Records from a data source

##############################

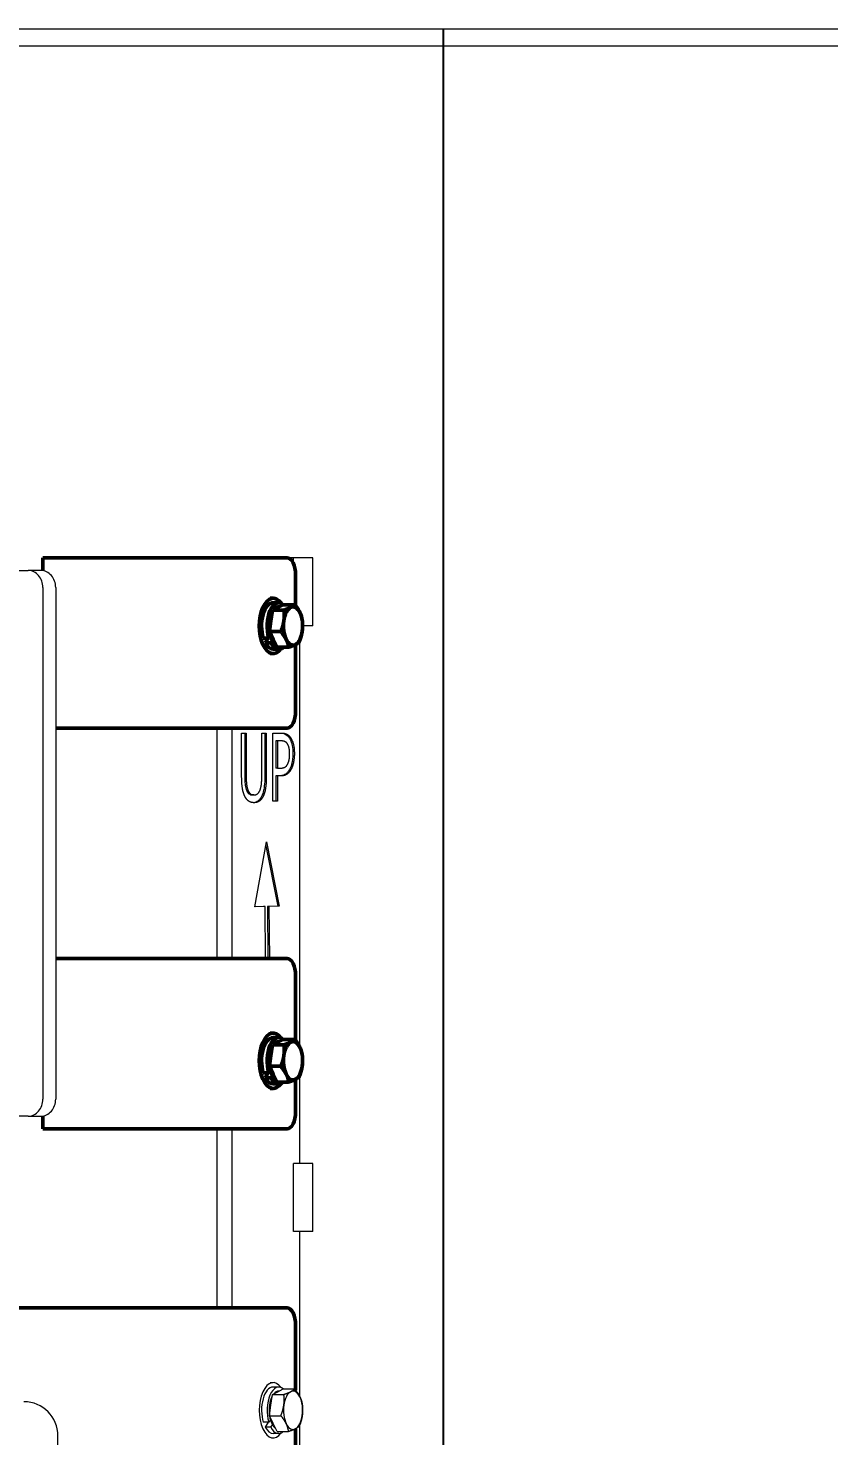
# Model space of a CAD drawing. Header units: inches. Extents: x 17 to 469, y 7 to 301.
# Drawn here: x 353.96 to 365.7, y 95.85 to 116.49 of the extents above; entities that cross this region are included whole.
import ezdxf

# ---------------------------------------------------------------- set-up
doc = ezdxf.new("R2010")
doc.units = ezdxf.units.IN
doc.header["$LTSCALE"] = 14
doc.header["$MEASUREMENT"] = 0
doc.layers.add('Dimension (ANSI)', color=7, linetype='Continuous', lineweight=25)
doc.layers.add('Visible (ANSI)', color=7, linetype='Continuous', lineweight=50)
doc.styles.add('MEMCOR Medium', font='arial.ttf')
doc.dimstyles.new('Default (ANSI)', dxfattribs={"dimscale": 14, "dimtxt": 0.15, "dimasz": 0.098425, "dimexe": 0.125, "dimexo": 0.0625, "dimgap": 0.031496, "dimtad": 0, "dimtih": 1, "dimtoh": 1, "dimdec": 4, "dimrnd": 1e-08, "dimzin": 3, "dimdsep": 46, "dimlunit": 5, "dimtxsty": 'MEMCOR Medium', "dimcen": 0.09, "dimdle": 0.393701, "dimclrd": 256, "dimclre": 256, "dimclrt": 256, "dimadec": 0, "dimazin": 1, "dimtfac": 0.8, "dimtofl": 0, "dimtmove": 0, "dimatfit": 3, "dimfxl": 1, "dimfrac": 1, "dimtolj": 1, "dimtzin": 4, "dimlwd": -1, "dimlwe": -1, "dimarcsym": 0})

# ---------------------------------------------------------------- blocks, each defined once
blk = doc.blocks.new('*D28')
at = {"layer": 'Defpoints', "color": 0, "transparency": 16777216}
for p in [(299.754, 132.744), (359.476, 132.744), (339.816, 40.229)]:
    blk.add_point(p, dxfattribs=at)
at = {"layer": 'Dimension (ANSI)', "transparency": 16777216}
for p, q in [((358.601, 132.744), (298.004, 132.744)), ((299.754, 131.366), (299.754, 93.646)), ((299.754, 41.607), (299.754, 79.328)), ((338.941, 40.229), (298.004, 40.229))]:
    blk.add_line(p, q, dxfattribs=at)
for points in [[(299.524, 131.366), (299.983, 131.366), (299.754, 132.744)], [(299.524, 41.607), (299.983, 41.607), (299.754, 40.229)]]:
    blk.add_solid(points, dxfattribs=at)
at = {"layer": 'Dimension (ANSI)', "transparency": 16777216, "char_height": 2.1, "attachment_point": 5, "style": 'MEMCOR Medium'}
for s, insert in [('\\A1; \\fArial|b0|i0;\\H2.1000;92{\\H0.8x;\\S1#2;} in', (299.754, 88.633)), ('\\A1;[2349.9 mm]{\\P\\fArial|b0|i0;\\H2.1000;SHIPPING HEIGHT\\P\\fArial|b0|i0;\\H2.1000;REF.}', (299.754, 81.474))]:
    blk.add_mtext(s, dxfattribs=dict(at, insert=insert))

msp = doc.modelspace()

# ---------------------------------------------------------------- linework, layer by layer
at = {"layer": 'Visible (ANSI)', "linetype": 'Continuous', "lineweight": 18}
for p, q in [((373.450373, 116.479368), (338.583085, 116.479368)), ((360.048821, 116.229368), (360.048799, 116.479368)), ((360.048821, 116.479368), (360.048821, 116.229368)), ((360.048821, 116.479368), (360.048821, 51.479368)), ((360.048826, 51.479368), (360.048826, 116.479368)), ((360.052437, 116.479368), (360.052437, 51.479368)), ((360.052464, 116.479368), (360.052442, 116.229368)), ((360.052442, 116.229368), (360.052442, 116.479368)), ((360.052442, 51.479368), (360.052442, 116.479368)), ((360.048821, 116.229368), (339.303946, 116.229368)), ((360.048826, 116.229368), (360.052437, 116.229368)), ((360.048826, 116.229368), (360.052437, 116.229368)), ((373.450373, 116.229368), (360.052442, 116.229368)), ((360.048826, 116.124368), (360.052437, 116.124368)), ((360.048826, 116.124368), (360.052437, 116.124368)), ((360.048826, 116.019368), (360.052437, 116.019368)), ((360.048826, 116.019368), (360.052437, 116.019368)), ((360.048826, 115.914368), (360.052437, 115.914368)), ((360.048826, 115.914368), (360.052437, 115.914368)), ((360.048826, 115.809368), (360.052437, 115.809368)), ((360.052437, 115.809368), (360.048826, 115.809368)), ((360.052437, 115.704368), (360.048826, 115.704368)), ((360.048826, 115.345368), (360.050631, 115.345368)), ((360.050631, 115.345368), (360.052437, 115.345368)), ((360.052437, 115.110368), (360.048826, 115.110368)), ((360.048826, 115.085364), (360.052437, 115.085364)), ((360.048826, 114.867364), (360.052437, 114.867364)), ((357.853272, 108.729368), (357.757534, 108.729368)), ((358.13364, 108.729368), (357.853272, 108.729368)), ((357.853272, 108.640106), (357.853272, 108.729368)), ((358.13364, 107.729368), (358.13364, 108.729368)), ((342.269648, 108.541868), (353.960991, 108.541868)), ((354.148491, 108.541868), (353.960991, 108.541868)), ((354.177498, 108.291868), (354.177498, 100.791868)), ((354.364998, 108.291868), (354.364998, 100.791868)), ((358.13364, 107.729368), (357.986038, 107.729368)), ((357.947022, 101.548704), (357.947022, 107.523028)), ((356.730516, 102.854368), (356.730516, 106.229368)), ((356.947022, 106.229368), (356.947022, 102.854368)), ((357.091592, 105.535211), (357.091592, 106.159198)), ((357.091592, 106.159198), (357.158042, 106.159198)), ((357.136391, 106.159198), (357.136391, 105.535211)), ((357.158042, 106.159198), (357.158042, 105.535211)), ((357.386972, 105.53197), (357.386972, 106.159198)), ((357.386972, 106.159198), (357.453423, 106.159198)), ((357.431772, 106.159198), (357.431772, 105.535211)), ((357.453423, 106.159198), (357.453423, 105.535211)), ((357.548642, 105.159198), (357.548642, 106.159198)), ((357.548642, 106.159198), (357.67425, 106.159198)), ((357.615092, 106.044125), (357.593442, 106.044125)), ((357.593442, 106.044125), (357.593442, 105.645422)), ((357.615092, 106.044125), (357.615092, 105.645422)), ((357.670198, 106.044125), (357.615092, 106.044125)), ((357.615092, 105.645422), (357.593442, 105.645422)), ((357.615092, 105.53197), (357.593442, 105.53197)), ((357.593442, 105.53197), (357.593442, 105.159198)), ((357.615092, 105.645422), (357.660473, 105.645422)), ((357.671413, 105.53197), (357.615092, 105.53197)), ((357.615092, 105.53197), (357.615092, 105.159198)), ((357.272305, 105.251581), (357.250654, 105.251581)), ((357.615092, 105.159198), (357.548642, 105.159198)), ((357.287317, 103.609825), (357.457463, 104.562029)), ((357.447147, 104.504295), (357.620541, 103.621101)), ((357.457463, 104.562029), (357.642191, 103.621101)), ((357.620541, 103.621101), (357.470397, 103.616908)), ((357.470397, 103.616908), (357.476165, 102.854368)), ((357.492048, 103.616908), (357.470397, 103.616908)), ((357.642191, 103.621101), (357.492048, 103.616908)), ((357.492048, 103.616908), (357.497815, 102.854368)), ((357.642191, 103.621101), (357.620541, 103.621101)), ((357.435403, 103.615326), (357.287317, 103.609825)), ((357.413753, 103.615326), (357.287462, 103.610635)), ((357.435403, 103.615326), (357.413753, 103.615326)), ((357.440495, 102.854368), (357.435403, 103.615326)), ((357.947022, 99.849368), (357.947022, 101.148028)), ((353.960991, 100.541868), (350.960937, 100.541868)), ((353.960991, 100.541868), (354.148491, 100.541868)), ((356.730516, 97.729368), (356.730516, 100.354368)), ((356.947022, 100.354368), (356.947022, 97.729368)), ((358.13364, 99.849368), (357.853272, 99.849368)), ((357.853272, 98.849368), (357.853272, 99.849368)), ((358.13364, 98.849368), (358.13364, 99.849368)), ((358.13364, 98.849368), (357.853272, 98.849368)), ((357.947022, 96.423704), (357.947022, 98.849368)), ((357.507534, 96.635368), (357.553684, 96.635368)), ((357.521511, 96.305583), (357.543512, 96.461737)), ((357.543512, 96.461737), (357.622129, 96.501707)), ((357.543512, 96.461737), (357.71057, 96.461737)), ((357.63509, 96.569368), (357.553684, 96.569368)), ((357.622129, 96.501707), (357.700747, 96.541676)), ((357.639166, 96.510368), (357.63509, 96.510368)), ((357.700747, 96.541676), (357.867805, 96.541676)), ((357.49951, 96.149429), (357.521511, 96.305583)), ((357.489846, 96.052685), (357.40844, 96.052685)), ((357.482716, 96.052685), (357.43818, 95.979897)), ((357.519587, 95.979897), (357.43818, 95.979897)), ((357.512958, 96.090458), (357.489846, 96.052685)), ((357.49951, 96.149429), (357.666568, 96.149429)), ((357.556126, 96.033244), (357.49951, 96.149429)), ((357.517311, 96.076158), (357.504208, 96.076158)), ((357.519587, 95.979897), (357.542698, 96.01767)), ((357.612742, 95.91706), (357.556126, 96.033244)), ((357.947022, 90.969368), (357.947022, 96.023028)), ((354.398491, 80.354368), (354.398491, 95.854368)), ((357.63509, 95.889368), (357.553684, 95.889368)), ((357.612742, 95.91706), (357.7798, 95.91706))]:
    msp.add_line(p, q, dxfattribs=at)
at = {"layer": 'Visible (ANSI)'}
for p, q in [((360.048826, 115.204368), (360.052437, 115.204368)), ((354.174347, 108.729368), (354.174347, 108.540079)), ((355.45897, 108.729368), (354.174347, 108.729368)), ((355.45897, 108.729368), (356.056606, 108.729368)), ((357.757534, 108.729368), (356.056606, 108.729368)), ((357.882534, 108.02361), (357.882534, 108.479368)), ((357.507534, 108.135368), (357.553684, 108.135368)), ((357.521511, 107.805583), (357.543512, 107.961737)), ((357.543512, 107.961737), (357.622129, 108.001707)), ((357.543512, 107.961737), (357.71057, 107.961737)), ((357.63509, 108.069368), (357.553684, 108.069368)), ((357.622129, 108.001707), (357.700747, 108.041676)), ((357.639166, 108.010368), (357.63509, 108.010368)), ((357.700747, 108.041676), (357.867805, 108.041676)), ((357.49951, 107.649429), (357.521511, 107.805583)), ((357.489846, 107.552685), (357.40844, 107.552685)), ((357.482716, 107.552685), (357.43818, 107.479897)), ((357.512958, 107.590458), (357.489846, 107.552685)), ((357.49951, 107.649429), (357.666568, 107.649429)), ((357.556126, 107.533244), (357.49951, 107.649429)), ((357.517311, 107.576158), (357.504208, 107.576158)), ((357.519587, 107.479897), (357.43818, 107.479897)), ((357.519587, 107.479897), (357.542698, 107.51767)), ((357.63509, 107.389368), (357.553684, 107.389368)), ((357.612742, 107.41706), (357.556126, 107.533244)), ((357.612742, 107.41706), (357.7798, 107.41706)), ((357.882534, 106.479368), (357.882534, 107.458251)), ((357.507534, 107.323368), (357.553684, 107.323368)), ((354.364998, 106.229368), (355.45897, 106.229368)), ((356.056606, 106.229368), (355.45897, 106.229368)), ((356.056606, 106.229368), (357.757534, 106.229368)), ((355.45897, 102.854368), (354.364998, 102.854368)), ((355.45897, 102.854368), (356.056606, 102.854368)), ((357.757534, 102.854368), (356.056606, 102.854368)), ((357.882534, 101.64861), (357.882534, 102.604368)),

##############################

YOUR GOAL :: When the line with "# Drawn here: x" is reached in the data above, start copying there, and copy each line exactly until the line with "doc.styles.add('MEMCOR Medium', font='arial.ttf')" has been copied; copy nothing else.

ANSWER TO THIS EXERCISE ::
# Drawn here: x 353.96 to 365.7, y 95.85 to 116.49 of the extents above; entities that cross this region are included whole.
import ezdxf

# ---------------------------------------------------------------- set-up
doc = ezdxf.new("R2010")
doc.units = ezdxf.units.IN
doc.header["$LTSCALE"] = 14
doc.header["$MEASUREMENT"] = 0
doc.layers.add('Dimension (ANSI)', color=7, linetype='Continuous', lineweight=25)
doc.layers.add('Visible (ANSI)', color=7, linetype='Continuous', lineweight=50)
doc.styles.add('MEMCOR Medium', font='arial.ttf')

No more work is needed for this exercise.